On 11 March 2011, six boiling water reactors (BWRs) at Fukushima Daiichi site were subjected to an earthquake and particularly tsunami attacks well above their design bases. The results were incredible flooding and damage, very poor work conditions, extended station blackout (SBO), loss of normal and emergency cooling systems, reactor core melting, and radioactive releases from the operating units 1, 2, and 3.

While final evaluations of the Fukushima Daiichi crisis are still ongoing, several assessments have been published, including the US Nuclear Regulatory Commission (NRC) Near Term Task Force Review (NTTTR) and the IAEA Mission Report (IMR). They have helped establish the five important factors contributing to the Fukushima accident and its very serious consequences:

1. Earthquake and especially tsunami which caused most of the damage at Fukushima

2. SBO, its duration, and inadequate water addition to the reactor core

3. Hydrogen release and fuel melt

4. Venting of BWR suppression containments and ensuing hydrogen explosions and associated fires

5. Severe accident management.

These five contributing factors were applied to US BWRs to determine how they would fare under Fukushima US applicable severe conditions. The findings and conclusions are discussed in detail later.

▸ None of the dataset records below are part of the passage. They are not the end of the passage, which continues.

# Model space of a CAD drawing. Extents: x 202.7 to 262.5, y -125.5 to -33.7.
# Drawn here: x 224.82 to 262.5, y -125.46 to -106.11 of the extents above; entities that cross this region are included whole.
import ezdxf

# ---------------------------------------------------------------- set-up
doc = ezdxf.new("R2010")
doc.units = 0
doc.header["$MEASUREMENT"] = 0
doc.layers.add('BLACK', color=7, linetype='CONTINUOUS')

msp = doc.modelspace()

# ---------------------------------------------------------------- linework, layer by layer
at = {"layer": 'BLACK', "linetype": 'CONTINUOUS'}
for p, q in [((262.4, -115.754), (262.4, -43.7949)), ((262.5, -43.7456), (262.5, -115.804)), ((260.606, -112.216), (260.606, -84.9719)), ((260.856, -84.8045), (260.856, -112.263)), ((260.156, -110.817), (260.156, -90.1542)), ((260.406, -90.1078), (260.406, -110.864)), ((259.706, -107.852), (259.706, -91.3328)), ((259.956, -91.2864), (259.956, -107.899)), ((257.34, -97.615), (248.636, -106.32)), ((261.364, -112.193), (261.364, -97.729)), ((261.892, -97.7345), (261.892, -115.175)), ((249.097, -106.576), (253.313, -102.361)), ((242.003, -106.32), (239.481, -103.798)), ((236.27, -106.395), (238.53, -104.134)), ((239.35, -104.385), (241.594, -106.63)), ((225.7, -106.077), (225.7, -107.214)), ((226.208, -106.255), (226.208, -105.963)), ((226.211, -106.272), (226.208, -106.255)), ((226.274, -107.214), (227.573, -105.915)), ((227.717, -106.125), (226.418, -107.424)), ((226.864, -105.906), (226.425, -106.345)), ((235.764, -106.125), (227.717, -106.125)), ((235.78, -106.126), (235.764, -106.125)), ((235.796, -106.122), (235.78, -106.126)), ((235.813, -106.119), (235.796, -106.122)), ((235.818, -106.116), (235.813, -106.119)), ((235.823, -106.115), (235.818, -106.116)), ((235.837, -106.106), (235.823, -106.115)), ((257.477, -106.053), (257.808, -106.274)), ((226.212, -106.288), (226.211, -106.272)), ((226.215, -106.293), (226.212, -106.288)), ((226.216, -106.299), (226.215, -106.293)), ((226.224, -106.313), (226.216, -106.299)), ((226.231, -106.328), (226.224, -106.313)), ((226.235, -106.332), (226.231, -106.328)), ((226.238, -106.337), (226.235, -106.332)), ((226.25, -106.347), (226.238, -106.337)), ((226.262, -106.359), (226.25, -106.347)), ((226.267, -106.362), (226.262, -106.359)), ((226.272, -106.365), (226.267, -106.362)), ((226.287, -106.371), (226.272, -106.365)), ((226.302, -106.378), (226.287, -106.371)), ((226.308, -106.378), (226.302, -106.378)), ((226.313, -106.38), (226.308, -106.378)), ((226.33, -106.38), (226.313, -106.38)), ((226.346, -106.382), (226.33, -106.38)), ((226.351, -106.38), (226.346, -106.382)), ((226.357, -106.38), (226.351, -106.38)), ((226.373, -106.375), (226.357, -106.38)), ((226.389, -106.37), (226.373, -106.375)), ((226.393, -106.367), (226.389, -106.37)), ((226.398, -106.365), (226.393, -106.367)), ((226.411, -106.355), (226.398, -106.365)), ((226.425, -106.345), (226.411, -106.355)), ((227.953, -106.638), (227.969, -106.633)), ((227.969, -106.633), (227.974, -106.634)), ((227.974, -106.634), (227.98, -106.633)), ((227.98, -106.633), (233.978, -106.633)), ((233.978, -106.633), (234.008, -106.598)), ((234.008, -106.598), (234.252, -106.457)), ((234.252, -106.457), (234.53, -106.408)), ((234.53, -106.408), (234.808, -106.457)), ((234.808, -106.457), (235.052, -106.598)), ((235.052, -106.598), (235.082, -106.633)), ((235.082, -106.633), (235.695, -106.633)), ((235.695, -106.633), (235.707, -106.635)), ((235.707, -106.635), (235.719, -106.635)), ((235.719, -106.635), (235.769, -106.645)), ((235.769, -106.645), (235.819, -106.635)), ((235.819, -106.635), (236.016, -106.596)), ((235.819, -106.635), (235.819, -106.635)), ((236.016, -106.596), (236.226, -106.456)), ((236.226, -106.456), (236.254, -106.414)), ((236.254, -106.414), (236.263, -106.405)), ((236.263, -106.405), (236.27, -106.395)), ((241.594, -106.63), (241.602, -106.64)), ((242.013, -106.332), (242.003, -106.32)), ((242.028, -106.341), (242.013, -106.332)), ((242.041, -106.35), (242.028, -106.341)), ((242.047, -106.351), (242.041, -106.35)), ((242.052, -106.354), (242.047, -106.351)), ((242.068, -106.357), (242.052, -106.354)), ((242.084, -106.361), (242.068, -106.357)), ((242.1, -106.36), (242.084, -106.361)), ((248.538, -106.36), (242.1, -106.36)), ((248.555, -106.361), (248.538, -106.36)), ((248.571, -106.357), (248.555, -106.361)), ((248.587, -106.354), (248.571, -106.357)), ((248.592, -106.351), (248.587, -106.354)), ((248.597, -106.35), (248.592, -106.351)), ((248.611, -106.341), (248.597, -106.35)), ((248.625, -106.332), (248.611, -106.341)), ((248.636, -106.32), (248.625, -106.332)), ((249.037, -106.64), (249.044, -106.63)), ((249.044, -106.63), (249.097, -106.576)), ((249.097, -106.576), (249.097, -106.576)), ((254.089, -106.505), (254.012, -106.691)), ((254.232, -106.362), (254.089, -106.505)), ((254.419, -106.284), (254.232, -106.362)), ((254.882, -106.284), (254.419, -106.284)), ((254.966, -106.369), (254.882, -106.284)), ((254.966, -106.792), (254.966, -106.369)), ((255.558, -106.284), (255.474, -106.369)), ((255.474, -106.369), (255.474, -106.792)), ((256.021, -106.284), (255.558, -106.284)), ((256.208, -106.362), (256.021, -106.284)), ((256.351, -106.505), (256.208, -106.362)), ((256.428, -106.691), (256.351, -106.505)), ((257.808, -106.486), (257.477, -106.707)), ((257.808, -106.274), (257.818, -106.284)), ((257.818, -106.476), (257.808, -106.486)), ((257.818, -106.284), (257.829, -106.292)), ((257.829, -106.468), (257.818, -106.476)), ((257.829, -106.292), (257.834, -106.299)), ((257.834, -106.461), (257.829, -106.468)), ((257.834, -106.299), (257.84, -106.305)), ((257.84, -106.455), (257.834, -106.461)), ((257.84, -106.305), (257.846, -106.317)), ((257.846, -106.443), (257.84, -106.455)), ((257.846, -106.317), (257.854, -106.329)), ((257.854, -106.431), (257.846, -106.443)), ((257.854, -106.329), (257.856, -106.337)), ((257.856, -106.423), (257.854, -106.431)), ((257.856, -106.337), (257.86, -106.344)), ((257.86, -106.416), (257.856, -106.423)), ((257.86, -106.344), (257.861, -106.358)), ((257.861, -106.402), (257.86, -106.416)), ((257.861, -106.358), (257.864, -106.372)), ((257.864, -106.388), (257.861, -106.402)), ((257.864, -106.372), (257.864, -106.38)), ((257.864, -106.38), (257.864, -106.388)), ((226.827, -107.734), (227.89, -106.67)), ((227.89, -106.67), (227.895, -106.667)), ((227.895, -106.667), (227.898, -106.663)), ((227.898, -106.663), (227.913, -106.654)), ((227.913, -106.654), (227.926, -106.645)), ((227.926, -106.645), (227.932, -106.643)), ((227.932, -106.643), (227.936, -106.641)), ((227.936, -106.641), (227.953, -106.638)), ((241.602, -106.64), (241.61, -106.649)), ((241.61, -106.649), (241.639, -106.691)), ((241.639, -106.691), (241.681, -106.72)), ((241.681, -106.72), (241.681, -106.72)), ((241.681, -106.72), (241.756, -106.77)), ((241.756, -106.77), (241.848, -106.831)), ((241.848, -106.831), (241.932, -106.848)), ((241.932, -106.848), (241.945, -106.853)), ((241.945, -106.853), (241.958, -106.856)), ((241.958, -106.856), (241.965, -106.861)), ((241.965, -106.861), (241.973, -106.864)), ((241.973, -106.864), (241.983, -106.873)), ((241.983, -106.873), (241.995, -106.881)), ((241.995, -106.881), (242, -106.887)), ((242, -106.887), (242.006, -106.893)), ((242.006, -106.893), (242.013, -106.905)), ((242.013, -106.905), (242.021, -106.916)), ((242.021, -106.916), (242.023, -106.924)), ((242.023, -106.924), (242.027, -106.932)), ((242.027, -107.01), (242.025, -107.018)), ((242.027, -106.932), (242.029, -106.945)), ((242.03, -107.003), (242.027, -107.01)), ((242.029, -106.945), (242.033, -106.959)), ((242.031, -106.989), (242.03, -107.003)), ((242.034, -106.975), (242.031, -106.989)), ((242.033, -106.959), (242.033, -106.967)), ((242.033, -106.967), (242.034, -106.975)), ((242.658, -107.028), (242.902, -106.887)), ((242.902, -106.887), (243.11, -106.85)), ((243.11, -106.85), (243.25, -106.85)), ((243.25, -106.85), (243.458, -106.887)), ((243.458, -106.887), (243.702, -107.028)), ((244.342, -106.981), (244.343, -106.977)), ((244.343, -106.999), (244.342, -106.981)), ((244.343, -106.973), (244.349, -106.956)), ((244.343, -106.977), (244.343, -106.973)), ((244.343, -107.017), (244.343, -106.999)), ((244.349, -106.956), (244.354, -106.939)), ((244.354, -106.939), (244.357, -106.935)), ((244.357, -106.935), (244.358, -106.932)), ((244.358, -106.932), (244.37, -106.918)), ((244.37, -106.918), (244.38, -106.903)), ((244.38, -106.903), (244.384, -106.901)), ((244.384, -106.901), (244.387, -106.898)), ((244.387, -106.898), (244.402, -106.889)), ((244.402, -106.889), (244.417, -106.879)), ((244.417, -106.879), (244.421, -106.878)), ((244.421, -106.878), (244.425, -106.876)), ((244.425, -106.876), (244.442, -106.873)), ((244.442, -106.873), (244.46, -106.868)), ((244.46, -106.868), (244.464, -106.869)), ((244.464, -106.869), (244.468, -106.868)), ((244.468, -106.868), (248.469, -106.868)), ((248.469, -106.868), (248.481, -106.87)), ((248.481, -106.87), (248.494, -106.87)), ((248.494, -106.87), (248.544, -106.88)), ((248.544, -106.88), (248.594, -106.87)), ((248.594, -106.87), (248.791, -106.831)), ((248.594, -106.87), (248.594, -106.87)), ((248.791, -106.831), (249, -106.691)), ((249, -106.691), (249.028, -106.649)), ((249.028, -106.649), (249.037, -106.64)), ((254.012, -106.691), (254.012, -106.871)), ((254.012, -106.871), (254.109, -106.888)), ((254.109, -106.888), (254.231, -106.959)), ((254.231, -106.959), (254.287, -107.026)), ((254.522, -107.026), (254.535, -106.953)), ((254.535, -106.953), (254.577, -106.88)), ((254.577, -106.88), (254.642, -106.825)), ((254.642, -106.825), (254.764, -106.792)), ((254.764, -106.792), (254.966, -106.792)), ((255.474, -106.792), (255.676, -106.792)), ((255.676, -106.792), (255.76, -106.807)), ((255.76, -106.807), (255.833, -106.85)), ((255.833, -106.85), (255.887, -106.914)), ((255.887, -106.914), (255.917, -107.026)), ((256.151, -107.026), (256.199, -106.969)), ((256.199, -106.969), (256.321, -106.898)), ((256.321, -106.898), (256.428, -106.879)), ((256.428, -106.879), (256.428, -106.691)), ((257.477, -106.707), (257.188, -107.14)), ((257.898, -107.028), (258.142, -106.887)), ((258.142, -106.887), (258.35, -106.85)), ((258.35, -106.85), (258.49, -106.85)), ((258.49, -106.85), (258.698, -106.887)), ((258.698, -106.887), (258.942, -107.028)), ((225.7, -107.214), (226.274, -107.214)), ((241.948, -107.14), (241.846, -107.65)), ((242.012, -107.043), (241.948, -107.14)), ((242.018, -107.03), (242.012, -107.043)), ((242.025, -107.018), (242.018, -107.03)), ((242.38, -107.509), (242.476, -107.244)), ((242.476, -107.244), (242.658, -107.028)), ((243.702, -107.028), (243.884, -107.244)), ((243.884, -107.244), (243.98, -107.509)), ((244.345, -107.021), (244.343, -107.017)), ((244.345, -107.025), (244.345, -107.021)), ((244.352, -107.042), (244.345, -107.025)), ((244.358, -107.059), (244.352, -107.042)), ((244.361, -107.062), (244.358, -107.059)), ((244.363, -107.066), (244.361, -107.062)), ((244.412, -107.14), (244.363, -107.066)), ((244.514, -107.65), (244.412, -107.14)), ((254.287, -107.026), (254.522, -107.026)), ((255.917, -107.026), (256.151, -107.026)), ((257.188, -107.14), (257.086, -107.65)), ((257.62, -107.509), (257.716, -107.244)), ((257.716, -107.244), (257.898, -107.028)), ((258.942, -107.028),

In summary, US BWRs would have fared much better. Fukushima BWRs faced extremely difficult and unpredicted circumstances. They deserve considerable praise for their performance and for limiting the radiation exposure to the high population density beyond the site.

Generic BWR behaviour

In order to better understand the comments about US BWRs and the Fukushima timeline we will first discuss generic BWR behaviour during a station blackout.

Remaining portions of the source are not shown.